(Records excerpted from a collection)
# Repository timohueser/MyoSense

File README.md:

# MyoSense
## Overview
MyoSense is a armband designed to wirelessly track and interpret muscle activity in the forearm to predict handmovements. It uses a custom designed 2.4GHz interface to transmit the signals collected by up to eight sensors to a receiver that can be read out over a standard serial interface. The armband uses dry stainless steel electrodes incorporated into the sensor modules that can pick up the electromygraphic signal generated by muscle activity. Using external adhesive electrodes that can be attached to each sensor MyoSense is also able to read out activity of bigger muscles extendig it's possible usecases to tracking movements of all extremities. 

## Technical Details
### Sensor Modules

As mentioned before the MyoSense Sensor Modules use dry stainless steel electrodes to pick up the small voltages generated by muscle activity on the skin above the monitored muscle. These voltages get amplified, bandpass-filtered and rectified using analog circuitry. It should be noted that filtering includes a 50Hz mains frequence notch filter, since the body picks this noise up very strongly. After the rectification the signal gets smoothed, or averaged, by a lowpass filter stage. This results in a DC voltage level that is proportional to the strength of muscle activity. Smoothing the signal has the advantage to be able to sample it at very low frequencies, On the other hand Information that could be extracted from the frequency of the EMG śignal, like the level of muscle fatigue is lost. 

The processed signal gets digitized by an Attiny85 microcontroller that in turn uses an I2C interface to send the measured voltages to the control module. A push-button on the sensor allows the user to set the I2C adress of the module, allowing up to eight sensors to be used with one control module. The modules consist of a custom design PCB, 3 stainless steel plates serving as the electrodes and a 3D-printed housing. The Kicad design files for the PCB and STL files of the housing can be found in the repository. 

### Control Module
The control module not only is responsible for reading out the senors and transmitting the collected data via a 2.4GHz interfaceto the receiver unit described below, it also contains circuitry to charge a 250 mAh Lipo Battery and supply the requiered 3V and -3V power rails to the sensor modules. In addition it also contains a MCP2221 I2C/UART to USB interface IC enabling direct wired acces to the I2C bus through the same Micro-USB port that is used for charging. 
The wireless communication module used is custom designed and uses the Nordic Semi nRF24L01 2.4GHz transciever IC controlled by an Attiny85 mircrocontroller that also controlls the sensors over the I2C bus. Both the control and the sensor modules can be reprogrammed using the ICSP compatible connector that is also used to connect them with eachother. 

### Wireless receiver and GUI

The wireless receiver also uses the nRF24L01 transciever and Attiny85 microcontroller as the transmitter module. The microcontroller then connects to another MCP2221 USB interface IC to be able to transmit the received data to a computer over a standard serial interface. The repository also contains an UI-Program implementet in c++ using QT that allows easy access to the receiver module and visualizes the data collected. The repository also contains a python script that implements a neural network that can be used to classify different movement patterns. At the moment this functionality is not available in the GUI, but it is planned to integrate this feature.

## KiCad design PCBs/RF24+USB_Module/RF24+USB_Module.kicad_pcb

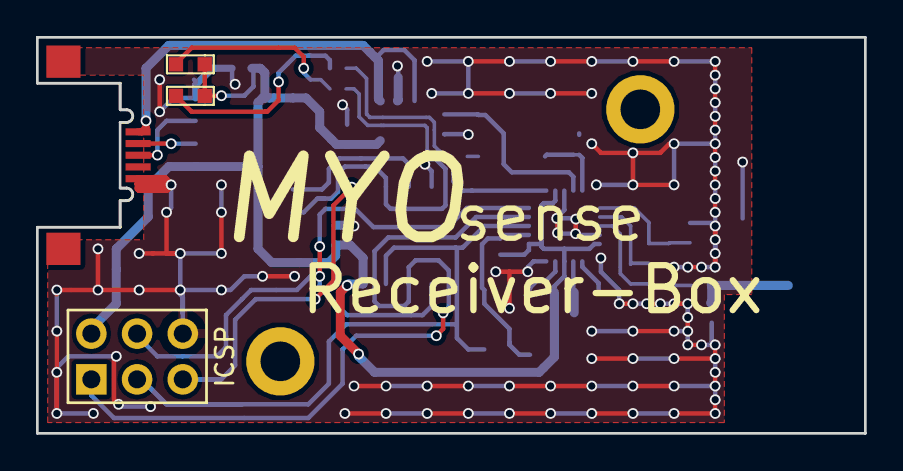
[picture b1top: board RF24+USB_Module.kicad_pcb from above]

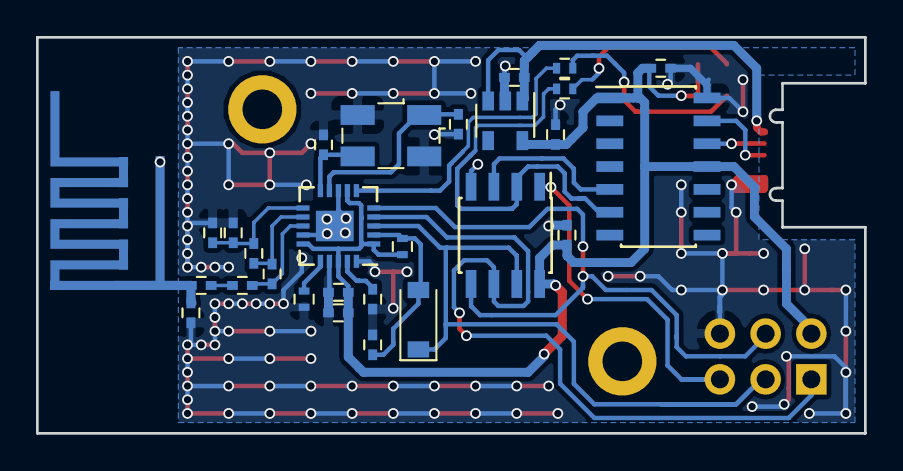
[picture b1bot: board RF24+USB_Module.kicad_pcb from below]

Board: 2 copper layers, 46.0 x 22.0 mm, 32 parts (29 on the bottom side), 24 nets.

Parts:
AE1: Antenna_Dipole; MIFA-Antenna
C1, C4, C12: 100nF; C_0402
C2: 33nF; C_0402
C3: 1uF; C_0402
C5: 10nF; C_0402
C6: 1.5pF; C_0402
C7: 1.0pF; C_0402
C8: 2.2pF; C_0402
C9: 4.7pF; C_0402
C10, C11: 22pF; C_0402
C13, C14: C_Small; C_0402
D1: 1N4148; D_SOD-123
D2, D3: LED_Small; LED_0603
J1: CONN_01X05; Micro_B_Conrad
J2: ICSP; Socket_Strip_Straight_2x03_Pitch2.54mm
L1: 3.9nH; C_0402
L2: 8.2nH; C_0402
L3: 2.7nH; C_0402
R1: 22k; R_0402
R2: 4.7k; R_0402
R3, R4: R_Small; R_0402
U1: ATTINY85-20SU; SOIC-8_3.9x4.9mm_Pitch1.27mm
U2: nRF24l01+; QFN-20-1EP_4x4mm_Pitch0.5mm
U3: MCP2221; SOIC-14_3.9x8.7mm_Pitch1.27mm
U4: MIC5504; SOT-23-5
Y1: Crystal_GND24; Crystal_SMD_EuroQuartz_MJ-4pin_5.0x3.2mm

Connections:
GND: AE1.2, C1.2, C2.2, C3.2, C4.2, C5.2, C7.2, C8.2, C9.2, C10.2, C11.2, C12.1, C13.2, C14.2, J1.5, J2.6, R1.1, U1.4, U2.8, U2.14, U2.17, U2.20, U3.14, U4.2, Y1.2, Y1.4
IRQ: R3.2, U2.6
MISO: J2.1, U1.6, U2.4
MOSI: J2.4, U1.5, U2.5
unnamed: AE1.1, C6.1, C7.1
unnamed: C2.1, U2.19
unnamed: C5.1, D1.2, R2.2, U2.2
unnamed: C6.2, L1.2
unnamed: C8.1, C9.1, L3.1, U2.11
unnamed: C10.1, U2.9, Y1.1
unnamed: C11.1, U2.10, Y1.3
unnamed: D2.1, R3.1
unnamed: D3.1, R4.1
unnamed: J1.2, U3.12
unnamed: J1.3, U3.13
unnamed: L1.1, L2.1, U2.13
unnamed: L2.2, L3.2, U2.12
unnamed: R1.2, U2.16
RST: J2.5, U1.1
Rx: U1.3, U3.5
SCK: D1.1, J2.3, U1.7, U2.3
Tx: R4.2, U1.2, U3.6
VCC: C1.1, C3.1, C4.1, C12.2, C14.1, D2.2, D3.2, J2.2, R2.1, U1.8, U2.1, U2.7, U2.15, U2.18, U3.1, U3.11, U4.5
V_USB: C13.1, J1.1, U4.1, U4.3

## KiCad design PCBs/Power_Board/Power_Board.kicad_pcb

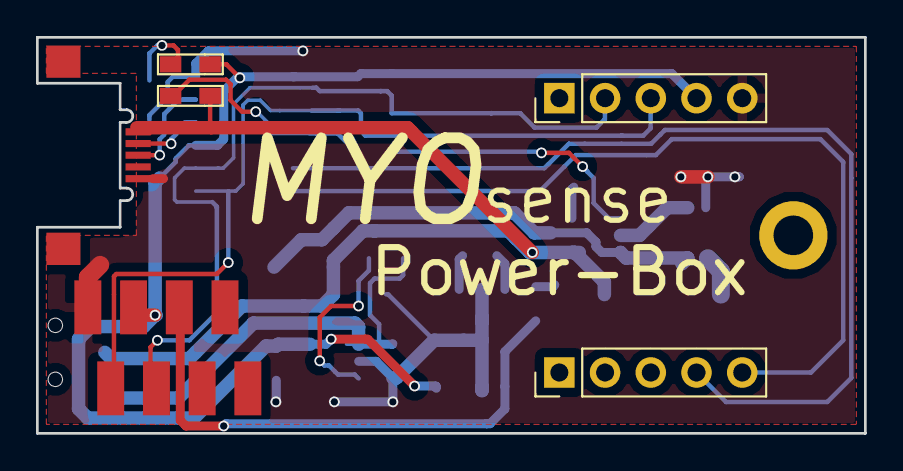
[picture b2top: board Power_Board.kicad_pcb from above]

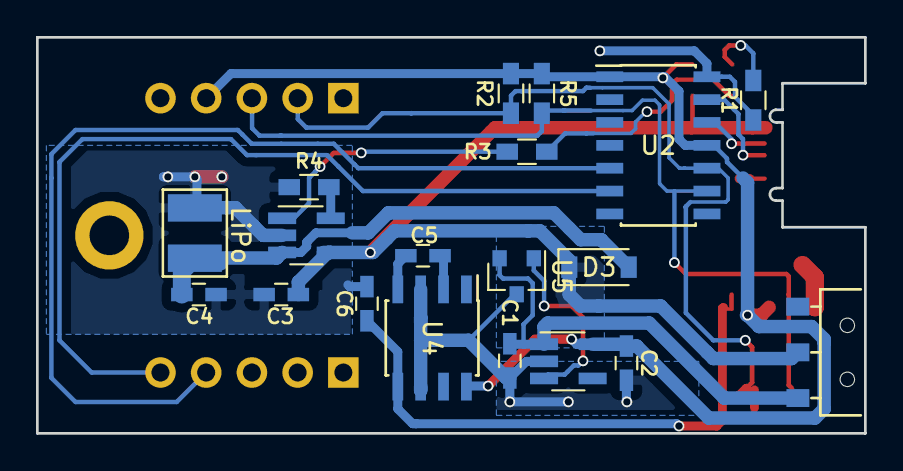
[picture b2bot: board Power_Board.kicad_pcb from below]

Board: 2 copper layers, 46.0 x 22.0 mm, 25 parts (19 on the bottom side), 19 nets.

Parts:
C1, C2: 1uF; C_0603_HandSoldering
C3, C4: 4.7uF; C_0603_HandSoldering
C5, C6: C; C_0603_HandSoldering
D1, D2: LED; LED_0603_HandSoldering
D3: MBR120; D_SOD-123
J2: LIPO; LiPo_Conn
J3: CONN_02X04; Micro_Match_02x04
J4: CONN_01X05; Micro_B_Conrad
J5, J6: CONN_01X05; Socket_Strip_Straight_1x05_Pitch2.54mm
R1, R2, R3, R4, R5: R; R_0603_HandSoldering
SW1: SW_DPDT_x2; slide_switch_conrad
U1: MIC5504; SOT-23-5_HandSoldering
U2: MCP2221; SOIC-14_3.9x8.7mm_Pitch1.27mm
U3: MCP73832; SOT-23-5_HandSoldering
U4: Lm2660; SOIC-8_3.9x4.9mm_Pitch1.27mm
U5: MCP100T; SOT-23

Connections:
GND: C1.2, C2.2, C3.2, C4.2, C6.2, J2.1, J3.7, J4.5, J5.5, R1.2, R4.2, U1.2, U2.14, U3.2, U4.3, U4.6, U5.3
LIPO_POS: C4.1, D3.2, J2.2, U3.3
unnamed: C1.1, SW1.1, U1.1, U5.2
unnamed: C5.1, U4.2
unnamed: C5.2, U4.4
unnamed: D1.1, R1.1
unnamed: D2.1, R3.1
unnamed: J4.2, U2.12
unnamed: J4.3, U2.13
unnamed: R3.2, U3.1
unnamed: R4.1, U3.5
unnamed: U1.3, U5.1
Rx: J6.4, U2.5
SCL: J3.6, J5.2, R2.2, U2.10
SDA: J3.8, J5.3, R5.2, U2.9
Tx: J6.5, U2.6
USB_Vin: C3.1, D2.2, D3.1, J4.1, SW1.2, U3.4
VCC: C2.1, D1.2, J3.5, J5.4, R2.1, R5.1, U1.5, U2.1, U2.11, U4.8
VSS: C6.1, J3.3, U4.5

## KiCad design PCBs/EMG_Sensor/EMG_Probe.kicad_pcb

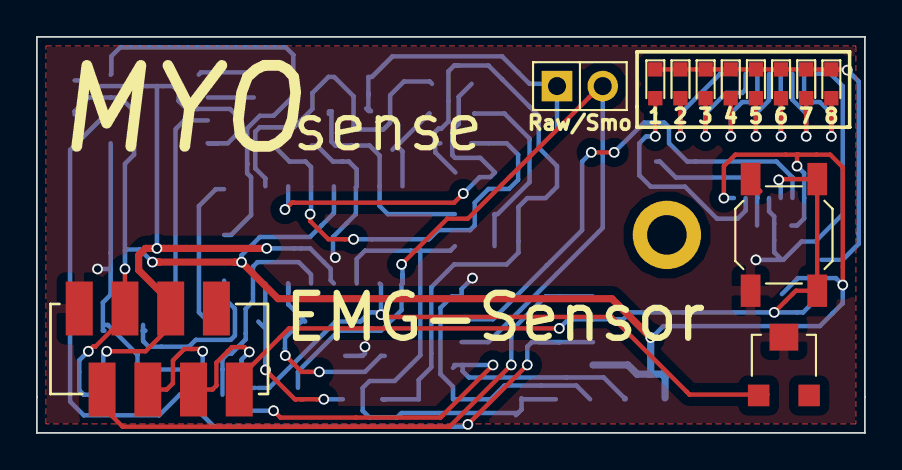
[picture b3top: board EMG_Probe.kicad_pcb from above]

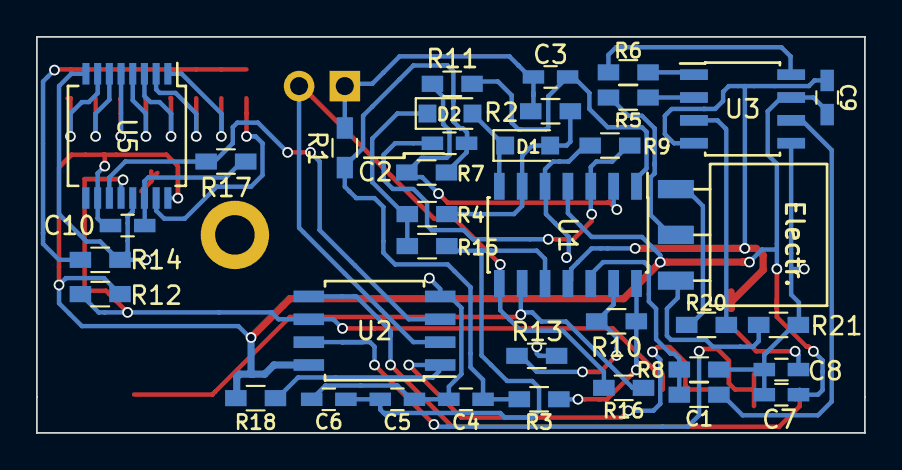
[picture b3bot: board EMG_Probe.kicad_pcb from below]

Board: 2 copper layers, 46.0 x 22.0 mm, 49 parts (37 on the bottom side), 40 nets.

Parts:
C1: 220n; R_0603_HandSoldering
C2, C3: 47n; C_0603_HandSoldering
C4, C5, C6: 220n; C_0603_HandSoldering
C7, C8, C9, C10: 100n; C_0603_HandSoldering
D1, D2: D; D_SOD-323_HandSoldering
D3, D4, D5, D6, D7, D8, D9, D10: LED; LED_0603
J1: Sensor_Connect; Header_Angled_03
P1: CONN_01X02; Pin_Header_Straight_1x02_Pitch2.54mm
P2: CONN_02X04; Micro_Match_02x04
R1, R9: 68k; R_0603_HandSoldering
R2: 22k; R_0603_HandSoldering
R3, R13: 2k2; R_0603_HandSoldering
R4, R5, R8, R10, R15, R16, R20, R21: 100k; R_0603_HandSoldering
R6: 1.5k; R_0603_HandSoldering
R7, R11, R12, R18: 10k; R_0603_HandSoldering
R14: R; R_0603_HandSoldering
R17: 1k5; R_0603_HandSoldering
RV1: POT; Potentiometer_Trimmer-EVM3E
SW2: SW_PUSH; SW_SPST_SKQG
U1: TLV274; SOIC-14_3.9x8.7mm_Pitch1.27mm
U2: ATTINY85-20SU; SOIJ-8_5.3x5.3mm_Pitch1.27mm
U3: INA126; SOIC-8_3.9x4.9mm_Pitch1.27mm
U5: 74HC595; SSOP-16_5.3x6.2mm_Pitch0.65mm

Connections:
Ard_Output: P1.2, R16.1, U1.8, U2.2
GND: C4.1, C5.2, C6.2, C7.1, C8.1, P2.7, R8.2, R9.2, R13.2, R14.2, R21.2, RV1.2, SW2.1, U1.5, U2.4, U3.5, U5.8, U5.13
unnamed: C1.1, R8.1, U1.12
unnamed: C1.2, U3.6
unnamed: C2.1, C4.2, R1.2, R3.1, R7.2
unnamed: C2.2, R9.1, U1.3
unnamed: C3.2, R11.1, U1.1
unnamed: C5.1, C6.1, R15.1, U1.10
unnamed: C10.2, R17.1, U5.14
unnamed: D1.1, D2.2, U1.7
unnamed: D1.2, R2.1, R4.2, U1.6
unnamed: D3.2, U5.15
unnamed: D4.2, U5.1
unnamed: D5.2, U5.2
unnamed: D6.2, U5.3
unnamed: D7.2, U5.4
unnamed: D8.2, U5.5
unnamed: D9.2, U5.6
unnamed: D3.1, D4.1, D5.1, D6.1, D7.1, D8.1, D9.1, D10.1, R14.1
unnamed: D10.2, U5.7
unnamed: J1.1, R5.2
unnamed: J1.2, R20.2
unnamed: J1.3, R21.1
unnamed: P2.2, R12.1, SW2.2, U2.6, U5.12
unnamed: P2.4, R18.1, U2.1
unnamed: R5.1, U3.2
unnamed: R6.1, U3.8
unnamed: R6.2, U3.1
unnamed: R3.2, R10.1, U1.14
unnamed: R10.2, R13.1, U1.13
unnamed: R7.1, R11.2, U1.2
unnamed: R16.2, RV1.1, U1.9
unnamed: R17.2, U2.3, U5.11
unnamed: R20.1, U3.3
Raw_Output: C3.1, P1.1, R1.1, R2.2
SCL: P2.6, U2.7
SDA: P2.8, U2.5
Signal: D2.1, R4.1, R15.2
VCC: C7.2, C9.2, C10.1, P2.5, R12.2, R18.2, U1.4, U2.8, U3.7, U5.10, U5.16
VSS: C8.2, C9.1, P2.3, U1.11, U3.4

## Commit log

2019-01-11 Create LICENSE

Prompt: If a line above contains the word "SOIC", list it.

Response below:
U1: ATTINY85-20SU; SOIC-8_3.9x4.9mm_Pitch1.27mm
U3: MCP2221; SOIC-14_3.9x8.7mm_Pitch1.27mm
U2: MCP2221; SOIC-14_3.9x8.7mm_Pitch1.27mm
U4: Lm2660; SOIC-8_3.9x4.9mm_Pitch1.27mm
U1: TLV274; SOIC-14_3.9x8.7mm_Pitch1.27mm
U3: INA126; SOIC-8_3.9x4.9mm_Pitch1.27mm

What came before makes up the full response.